FROM vllm/vllm-openai:latest

# Download model at build time
RUN python3 -c "from huggingface_hub import snapshot_download; \
    snapshot_download('Qwen/Qwen2.5-72B-Instruct-AWQ')"

This creates a larger image (~40 GB+) but guarantees zero download time on startup. For GCP specifically, push this image to Artifact Registry in the same region as your VM to minimize pull time:

# Tag and push to Artifact Registry
docker tag my-vllm us-central1-docker.pkg.dev/my-project/my-repo/vllm-qwen72b:latest
docker push us-central1-docker.pkg.dev/my-project/my-repo/vllm-qwen72b:latest

Cost management

GPU VMs are expensive.
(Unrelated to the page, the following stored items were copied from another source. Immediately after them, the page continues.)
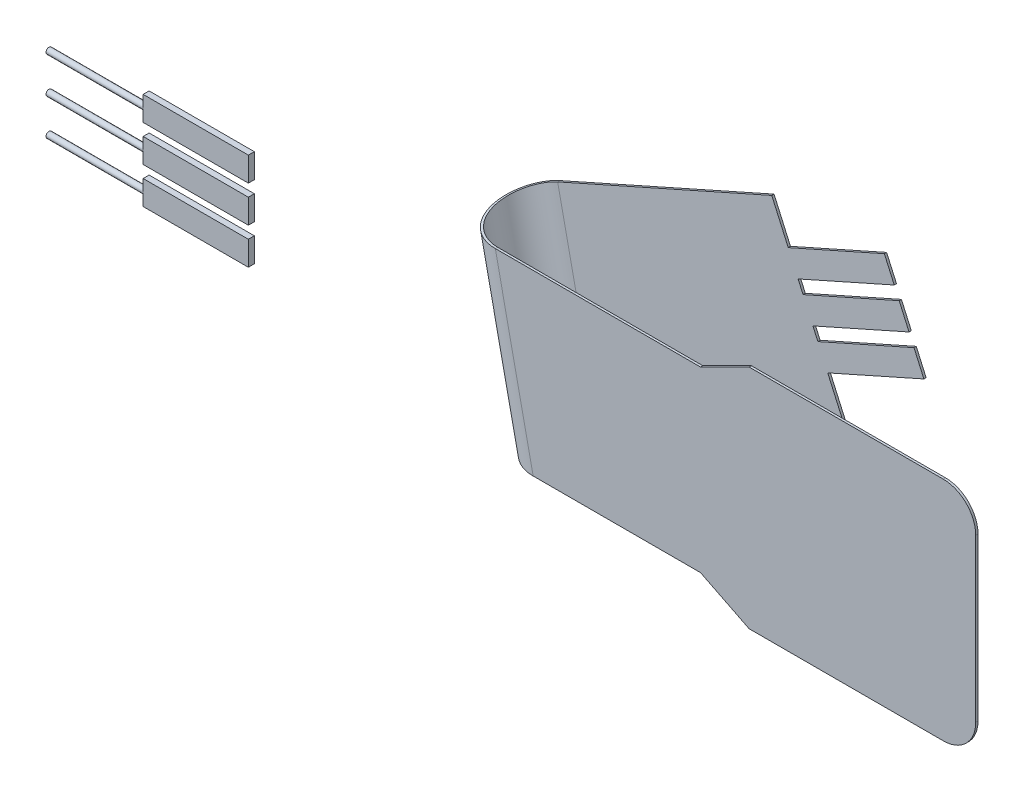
ISO-10303-21;
HEADER;
FILE_DESCRIPTION(('STEP AP214'),'2;1');
FILE_NAME('part.step','',(''),(''),'','','');
FILE_SCHEMA(('AUTOMOTIVE_DESIGN { 1 0 10303 214 1 1 1 1 }'));
ENDSEC;
DATA;
#1=APPLICATION_CONTEXT('core data for automotive mechanical design processes');
#2=APPLICATION_PROTOCOL_DEFINITION('international standard','automotive_design',2000,#1);
#3=PRODUCT_CONTEXT('',#1,'mechanical');
#4=PRODUCT('Part','Part','',(#3));
#5=PRODUCT_RELATED_PRODUCT_CATEGORY('part','',(#4));
#6=PRODUCT_DEFINITION_FORMATION('','',#4);
#7=PRODUCT_DEFINITION_CONTEXT('part definition',#1,'design');
#8=PRODUCT_DEFINITION('design','',#6,#7);
#9=PRODUCT_DEFINITION_SHAPE('','',#8);
#10=(LENGTH_UNIT() NAMED_UNIT(*) SI_UNIT(.MILLI.,.METRE.));
#11=(NAMED_UNIT(*) PLANE_ANGLE_UNIT() SI_UNIT($,.RADIAN.));
#12=(NAMED_UNIT(*) SI_UNIT($,.STERADIAN.) SOLID_ANGLE_UNIT());
#13=UNCERTAINTY_MEASURE_WITH_UNIT(LENGTH_MEASURE(1.E-05),#10,'distance_accuracy_value','');
#14=(GEOMETRIC_REPRESENTATION_CONTEXT(3) GLOBAL_UNCERTAINTY_ASSIGNED_CONTEXT((#13)) GLOBAL_UNIT_ASSIGNED_CONTEXT((#10,
#11,#12)) REPRESENTATION_CONTEXT('',''));
#15=CARTESIAN_POINT('',(0.,0.,0.));
#16=DIRECTION('',(0.,0.,1.));
#17=DIRECTION('',(1.,0.,0.));
#18=AXIS2_PLACEMENT_3D('',#15,#16,#17);
#19=CARTESIAN_POINT('',(-54.1165408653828,-7.56560866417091,-4.00000000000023));
#20=DIRECTION('',(0.,0.,1.));
#21=DIRECTION('',(1.,0.,0.));
#22=AXIS2_PLACEMENT_3D('',#19,#20,#21);
#23=PLANE('',#22);
#24=DIRECTION('',(-0.406736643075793,0.913545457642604,0.));
#25=VECTOR('',#24,1.);
#26=CARTESIAN_POINT('',(-8.72204924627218,10.4560486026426,-3.9999999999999));
#27=LINE('',#26,#25);
#28=CARTESIAN_POINT('',(-9.73889085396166,12.7399122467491,-3.99999999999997));
#29=VERTEX_POINT('',#28);
#30=CARTESIAN_POINT('',(-8.72204924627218,10.4560486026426,-3.9999999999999));
#31=VERTEX_POINT('',#30);
#32=EDGE_CURVE('P0_E408',#29,#31,#27,.F.);
#33=ORIENTED_EDGE('',*,*,#32,.F.);
#34=DIRECTION('',(-0.913545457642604,-0.406736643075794,0.));
#35=VECTOR('',#34,1.);
#36=CARTESIAN_POINT('',(-9.73889085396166,12.7399122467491,-4.));
#37=LINE('',#36,#35);
#38=CARTESIAN_POINT('',(-22.9632013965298,6.8520698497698,-4.0000000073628));
#39=VERTEX_POINT('',#38);
#40=EDGE_CURVE('P0_E398',#39,#29,#37,.F.);
#41=ORIENTED_EDGE('',*,*,#40,.F.);
#42=DIRECTION('',(0.207911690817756,-0.978147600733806,0.));
#43=VECTOR('',#42,1.);
#44=CARTESIAN_POINT('',(-24.4600964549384,13.8944074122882,-4.0000000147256));
#45=LINE('',#44,#43);
#46=CARTESIAN_POINT('',(-20.6250792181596,-4.14793015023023,-4.00000000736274));
#47=VERTEX_POINT('',#46);
#48=EDGE_CURVE('P0_E354',#39,#47,#45,.T.);
#49=ORIENTED_EDGE('',*,*,#48,.T.);
#50=DIRECTION('',(0.913545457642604,0.406736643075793,0.));
#51=VECTOR('',#50,1.);
#52=CARTESIAN_POINT('',(-36.1426242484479,-11.0567863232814,-3.99999999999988));
#53=LINE('',#52,#51);
#54=CARTESIAN_POINT('',(-5.26478778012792,2.69091221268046,-3.99999999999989));
#55=VERTEX_POINT('',#54);
#56=EDGE_CURVE('P0_E383',#55,#47,#53,.F.);
#57=ORIENTED_EDGE('',*,*,#56,.F.);
#58=DIRECTION('',(-0.406736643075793,0.913545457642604,0.));
#59=VECTOR('',#58,1.);
#60=CARTESIAN_POINT('',(-5.26478778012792,2.69091221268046,-3.99999999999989));
#61=LINE('',#60,#59);
#62=CARTESIAN_POINT('',(-6.28162938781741,4.97477585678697,-3.99999999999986));
#63=VERTEX_POINT('',#62);
#64=EDGE_CURVE('P0_E525',#63,#55,#61,.F.);
#65=ORIENTED_EDGE('',*,*,#64,.F.);
#66=DIRECTION('',(0.913545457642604,0.406736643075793,0.));
#67=VECTOR('',#66,1.);
#68=CARTESIAN_POINT('',(-6.28162938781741,4.97477585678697,-3.99999999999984));
#69=LINE('',#68,#67);
#70=CARTESIAN_POINT('',(-0.34358391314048,7.61856403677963,-3.99999999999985));
#71=VERTEX_POINT('',#70);
#72=EDGE_CURVE('P0_E516',#71,#63,#69,.F.);
#73=ORIENTED_EDGE('',*,*,#72,.F.);
#74=DIRECTION('',(-0.406736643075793,0.913545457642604,0.));
#75=VECTOR('',#74,1.);
#76=CARTESIAN_POINT('',(-0.95368887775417,8.98888222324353,-3.99999999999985));
#77=LINE('',#76,#75);
#78=CARTESIAN_POINT('',(-0.95368887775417,8.98888222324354,-3.99999999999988));
#79=VERTEX_POINT('',#78);
#80=EDGE_CURVE('P0_E507',#79,#71,#77,.F.);
#81=ORIENTED_EDGE('',*,*,#80,.F.);
#82=DIRECTION('',(-0.913545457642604,-0.406736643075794,0.));
#83=VECTOR('',#82,1.);
#84=CARTESIAN_POINT('',(-6.89173435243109,6.34509404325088,-3.99999999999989));
#85=LINE('',#84,#83);
#86=CARTESIAN_POINT('',(-6.8917343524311,6.34509404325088,-3.99999999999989));
#87=VERTEX_POINT('',#86);
#88=EDGE_CURVE('P0_E498',#87,#79,#85,.F.);
#89=ORIENTED_EDGE('',*,*,#88,.F.);
#90=DIRECTION('',(-0.406736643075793,0.913545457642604,0.));
#91=VECTOR('',#90,1.);
#92=CARTESIAN_POINT('',(-6.8917343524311,6.34509404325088,-3.99999999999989));
#93=LINE('',#92,#91);
#94=CARTESIAN_POINT('',(-7.19678683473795,7.03025313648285,-3.99999999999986));
#95=VERTEX_POINT('',#94);
#96=EDGE_CURVE('P0_E488',#95,#87,#93,.F.);
#97=ORIENTED_EDGE('',*,*,#96,.F.);
#98=DIRECTION('',(0.913545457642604,0.406736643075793,0.));
#99=VECTOR('',#98,1.);
#100=CARTESIAN_POINT('',(-7.19678683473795,7.03025313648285,-3.99999999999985));
#101=LINE('',#100,#99);
#102=CARTESIAN_POINT('',(-1.25874136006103,9.6740413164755,-3.99999999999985));
#103=VERTEX_POINT('',#102);
#104=EDGE_CURVE('P0_E478',#103,#95,#101,.F.);
#105=ORIENTED_EDGE('',*,*,#104,.F.);
#106=DIRECTION('',(-0.406736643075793,0.913545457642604,0.));
#107=VECTOR('',#106,1.);
#108=CARTESIAN_POINT('',(-1.86884632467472,11.0443595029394,-3.99999999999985));
#109=LINE('',#108,#107);
#110=CARTESIAN_POINT('',(-1.86884632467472,11.0443595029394,-3.99999999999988));
#111=VERTEX_POINT('',#110);
#112=EDGE_CURVE('P0_E468',#111,#103,#109,.F.);
#113=ORIENTED_EDGE('',*,*,#112,.F.);
#114=DIRECTION('',(-0.913545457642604,-0.406736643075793,0.));
#115=VECTOR('',#114,1.);
#116=CARTESIAN_POINT('',(-7.80689179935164,8.40057132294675,-3.99999999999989));
#117=LINE('',#116,#115);
#118=CARTESIAN_POINT('',(-7.80689179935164,8.40057132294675,-3.9999999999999));
#119=VERTEX_POINT('',#118);
#120=EDGE_CURVE('P0_E458',#119,#111,#117,.F.);
#121=ORIENTED_EDGE('',*,*,#120,.F.);
#122=DIRECTION('',(-0.406736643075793,0.913545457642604,0.));
#123=VECTOR('',#122,1.);
#124=CARTESIAN_POINT('',(-7.80689179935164,8.40057132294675,-3.9999999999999));
#125=LINE('',#124,#123);
#126=CARTESIAN_POINT('',(-8.11194428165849,9.08573041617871,-3.99999999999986));
#127=VERTEX_POINT('',#126);
#128=EDGE_CURVE('P0_E448',#127,#119,#125,.F.);
#129=ORIENTED_EDGE('',*,*,#128,.F.);
#130=DIRECTION('',(0.913545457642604,0.406736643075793,0.));
#131=VECTOR('',#130,1.);
#132=CARTESIAN_POINT('',(-8.11194428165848,9.08573041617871,-3.99999999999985));
#133=LINE('',#132,#131);
#134=CARTESIAN_POINT('',(-2.17389880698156,11.7295185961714,-3.99999999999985));
#135=VERTEX_POINT('',#134);
#136=EDGE_CURVE('P0_E438',#135,#127,#133,.F.);
#137=ORIENTED_EDGE('',*,*,#136,.F.);
#138=DIRECTION('',(-0.406736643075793,0.913545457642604,0.));
#139=VECTOR('',#138,1.);
#140=CARTESIAN_POINT('',(-2.78400377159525,13.0998367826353,-3.99999999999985));
#141=LINE('',#140,#139);
#142=CARTESIAN_POINT('',(-2.78400377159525,13.0998367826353,-3.99999999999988));
#143=VERTEX_POINT('',#142);
#144=EDGE_CURVE('P0_E428',#143,#135,#141,.F.);
#145=ORIENTED_EDGE('',*,*,#144,.F.);
#146=DIRECTION('',(-0.913545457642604,-0.406736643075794,0.));
#147=VECTOR('',#146,1.);
#148=CARTESIAN_POINT('',(-8.72204924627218,10.4560486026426,-3.9999999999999));
#149=LINE('',#148,#147);
#150=EDGE_CURVE('P0_E418',#31,#143,#149,.F.);
#151=ORIENTED_EDGE('',*,*,#150,.F.);
#152=EDGE_LOOP('',(#33,#41,#49,#57,#65,#73,#81,#89,#97,#105,#113,#121,#129,#137,#145,#151));
#153=FACE_BOUND('',#152,.T.);
#154=ADVANCED_FACE('P0_F16',(#153),#23,.T.);
#155=CARTESIAN_POINT('',(-5.26478778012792,2.69091221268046,-4.13999999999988));
#156=DIRECTION('',(0.913545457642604,0.406736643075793,0.));
#157=DIRECTION('',(-0.406736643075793,0.913545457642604,0.));
#158=AXIS2_PLACEMENT_3D('',#155,#156,#157);
#159=PLANE('',#158);
#160=DIRECTION('',(-0.406736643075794,0.913545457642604,0.));
#161=VECTOR('',#160,1.);
#162=CARTESIAN_POINT('',(-5.26478778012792,2.69091221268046,-4.13999999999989));
#163=LINE('',#162,#161);
#164=CARTESIAN_POINT('',(-5.26478778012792,2.69091221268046,-4.13999999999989));
#165=VERTEX_POINT('',#164);
#166=CARTESIAN_POINT('',(-6.28162938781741,4.97477585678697,-4.13999999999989));
#167=VERTEX_POINT('',#166);
#168=EDGE_CURVE('P0_E352',#165,#167,#163,.T.);
#169=ORIENTED_EDGE('',*,*,#168,.T.);
#170=DIRECTION('',(0.,0.,1.));
#171=VECTOR('',#170,1.);
#172=CARTESIAN_POINT('',(-6.28162938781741,4.97477585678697,-4.13999999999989));
#173=LINE('',#172,#171);
#174=EDGE_CURVE('P0_E514',#63,#167,#173,.F.);
#175=ORIENTED_EDGE('',*,*,#174,.F.);
#176=ORIENTED_EDGE('',*,*,#64,.T.);
#177=DIRECTION('',(0.,0.,1.));
#178=VECTOR('',#177,1.);
#179=CARTESIAN_POINT('',(-5.26478778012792,2.69091221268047,-4.14000000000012));
#180=LINE('',#179,#178);
#181=EDGE_CURVE('P0_E387',#165,#55,#180,.T.);
#182=ORIENTED_EDGE('',*,*,#181,.F.);
#183=EDGE_LOOP('',(#169,#175,#176,#182));
#184=FACE_BOUND('',#183,.T.);
#185=ADVANCED_FACE('P0_F576',(#184),#159,.T.);
#186=CARTESIAN_POINT('',(-6.28162938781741,4.97477585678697,-4.13999999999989));
#187=DIRECTION('',(0.406736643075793,-0.913545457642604,0.));
#188=DIRECTION('',(0.913545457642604,0.406736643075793,0.));
#189=AXIS2_PLACEMENT_3D('',#186,#187,#188);
#190=PLANE('',#189);
#191=DIRECTION('',(0.913545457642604,0.406736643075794,0.));
#192=VECTOR('',#191,1.);
#193=CARTESIAN_POINT('',(-6.28162938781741,4.97477585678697,-4.13999999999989));
#194=LINE('',#193,#192);
#195=CARTESIAN_POINT('',(-0.34358391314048,7.61856403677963,-4.13999999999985));
#196=VERTEX_POINT('',#195);
#197=EDGE_CURVE('P0_E394',#167,#196,#194,.T.);
#198=ORIENTED_EDGE('',*,*,#197,.T.);
#199=DIRECTION('',(0.,0.,1.));
#200=VECTOR('',#199,1.);
#201=CARTESIAN_POINT('',(-0.34358391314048,7.61856403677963,-4.13999999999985));
#202=LINE('',#201,#200);
#203=EDGE_CURVE('P0_E505',#71,#196,#202,.F.);
#204=ORIENTED_EDGE('',*,*,#203,.F.);
#205=ORIENTED_EDGE('',*,*,#72,.T.);
#206=ORIENTED_EDGE('',*,*,#174,.T.);
#207=EDGE_LOOP('',(#198,#204,#205,#206));
#208=FACE_BOUND('',#207,.T.);
#209=ADVANCED_FACE('P0_F567',(#208),#190,.T.);
#210=CARTESIAN_POINT('',(-0.953688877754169,8.98888222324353,-4.13999999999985));
#211=DIRECTION('',(0.913545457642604,0.406736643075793,0.));
#212=DIRECTION('',(-0.406736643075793,0.913545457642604,0.));
#213=AXIS2_PLACEMENT_3D('',#210,#211,#212);
#214=PLANE('',#213);
#215=DIRECTION('',(-0.406736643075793,0.913545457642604,0.));
#216=VECTOR('',#215,1.);
#217=CARTESIAN_POINT('',(-0.343583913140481,7.61856403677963,-4.13999999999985));
#218=LINE('',#217,#216);
#219=CARTESIAN_POINT('',(-0.953688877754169,8.98888222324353,-4.13999999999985));
#220=VERTEX_POINT('',#219);
#221=EDGE_CURVE('P0_E493',#196,#220,#218,.T.);
#222=ORIENTED_EDGE('',*,*,#221,.T.);
#223=DIRECTION('',(0.,0.,1.));
#224=VECTOR('',#223,1.);
#225=CARTESIAN_POINT('',(-0.953688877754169,8.98888222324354,-4.13999999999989));
#226=LINE('',#225,#224);
#227=EDGE_CURVE('P0_E496',#79,#220,#226,.F.);
#228=ORIENTED_EDGE('',*,*,#227,.F.);
#229=ORIENTED_EDGE('',*,*,#80,.T.);
#230=ORIENTED_EDGE('',*,*,#203,.T.);
#231=EDGE_LOOP('',(#222,#228,#229,#230));
#232=FACE_BOUND('',#231,.T.);
#233=ADVANCED_FACE('P0_F813',(#232),#214,.T.);
#234=CARTESIAN_POINT('',(-6.89173435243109,6.34509404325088,-4.13999999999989));
#235=DIRECTION('',(-0.406736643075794,0.913545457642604,0.));
#236=DIRECTION('',(-0.913545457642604,-0.406736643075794,0.));
#237=AXIS2_PLACEMENT_3D('',#234,#235,#236);
#238=PLANE('',#237);
#239=DIRECTION('',(-0.913545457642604,-0.406736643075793,0.));
#240=VECTOR('',#239,1.);
#241=CARTESIAN_POINT('',(-0.953688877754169,8.98888222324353,-4.13999999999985));
#242=LINE('',#241,#240);
#243=CARTESIAN_POINT('',(-6.89173435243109,6.34509404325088,-4.13999999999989));
#244=VERTEX_POINT('',#243);
#245=EDGE_CURVE('P0_E483',#220,#244,#242,.T.);
#246=ORIENTED_EDGE('',*,*,#245,.T.);
#247=DIRECTION('',(0.,0.,1.));
#248=VECTOR('',#247,1.);
#249=CARTESIAN_POINT('',(-6.89173435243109,6.34509404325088,-4.13999999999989));
#250=LINE('',#249,#248);
#251=EDGE_CURVE('P0_E486',#87,#244,#250,.F.);
#252=ORIENTED_EDGE('',*,*,#251,.F.);
#253=ORIENTED_EDGE('',*,*,#88,.T.);
#254=ORIENTED_EDGE('',*,*,#227,.T.);
#255=EDGE_LOOP('',(#246,#252,#253,#254));
#256=FACE_BOUND('',#255,.T.);
#257=ADVANCED_FACE('P0_F803',(#256),#238,.T.);
#258=CARTESIAN_POINT('',(-6.89173435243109,6.34509404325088,-4.13999999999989));
#259=DIRECTION('',(0.913545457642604,0.406736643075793,0.));
#260=DIRECTION('',(-0.406736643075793,0.913545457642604,0.));
#261=AXIS2_PLACEMENT_3D('',#258,#259,#260);
#262=PLANE('',#261);
#263=DIRECTION('',(-0.406736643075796,0.913545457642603,0.));
#264=VECTOR('',#263,1.);
#265=CARTESIAN_POINT('',(-6.89173435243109,6.34509404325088,-4.13999999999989));
#266=LINE('',#265,#264);
#267=CARTESIAN_POINT('',(-7.19678683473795,7.03025313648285,-4.13999999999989));
#268=VERTEX_POINT('',#267);
#269=EDGE_CURVE('P0_E473',#244,#268,#266,.T.);
#270=ORIENTED_EDGE('',*,*,#269,.T.);
#271=DIRECTION('',(0.,0.,1.));
#272=VECTOR('',#271,1.);
#273=CARTESIAN_POINT('',(-7.19678683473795,7.03025313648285,-4.13999999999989));
#274=LINE('',#273,#272);
#275=EDGE_CURVE('P0_E476',#95,#268,#274,.F.);
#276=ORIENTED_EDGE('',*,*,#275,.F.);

An a2-ultragpu-1g costs roughly $8-12/hour on-demand. Strategies to manage costs:

  • Preemptible/Spot VMs — up to 60-91% cheaper, but GCP can reclaim them with 30 seconds notice. Good for batch workloads, risky for serving.
  • Committed use discounts — 1 or 3-year commitments for 37-55% off. Good if you know you need sustained GPU capacity.
  • Stop when idle — use a startup script that launches vLLM, and stop the VM when you’re not using it. You only pay for the disk when stopped.
# Stop the VM (keeps disk, no GPU charges)
gcloud compute instances stop llm-server --zone=us-central1-a

# Start it back up
gcloud compute instances start llm-server --zone=us-central1-a

Health checks and auto-restart

Add Docker restart policy and a health check:

docker run -d \
    --name vllm \
    --gpus all \
    --restart unless-stopped \
    --health-cmd="curl -f http://localhost:8000/health || exit 1" \
    --health-interval=30s \
    --health-timeout=10s \
    --health-retries=3 \
    -v ~/.cache/huggingface:/root/.cache/huggingface \
    -p 8000:8000 \
    --ipc=host \
    vllm/vllm-openai:latest \
    --model Qwen/Qwen2.5-72B-Instruct-AWQ \
    --quantization awq \
    --max-model-len 4096 \
    --gpu-memory-utilization 0.9

Quick reference

Here’s a cheat sheet for common model sizes and recommended GCP setups:

ModelPrecisionVRAM neededGCP setup~Cost/hour
Qwen2.5-7BFP16~17 GB1x L4 (g2-standard-12)~$1.50
Qwen2.5-7BINT4~5 GB1x T4 (n1-standard-8)~$0.80
Qwen2.5-32BAWQ~18 GB1x L4 (g2-standard-12)~$1.50
Qwen2.5-72BAWQ~40 GB1x A100 80 GB~$10
Qwen2.5-72BFP16~173 GB2x A100 80 GB~$20
Llama 3 70BAWQ~38 GB1x A100 80 GB~$10

Prices are approximate on-demand rates and vary by region.

Wrapping up

The path from “I want to run my own LLM” to actually doing it is shorter than it looks:

  1. Pick a model and precision that fits your GPU budget
  2. Use a serving framework like vLLM — don’t reinvent the wheel
  3. Run it in a GPU-enabled Docker container on a GCP VM
  4. Mount the model cache or bake it into the image so restarts are fast

The OpenAI-compatible API means your application code doesn’t need to know or care whether it’s talking to OpenAI, Anthropic, or your own Qwen instance running on a VM in us-central1. You just change the base URL.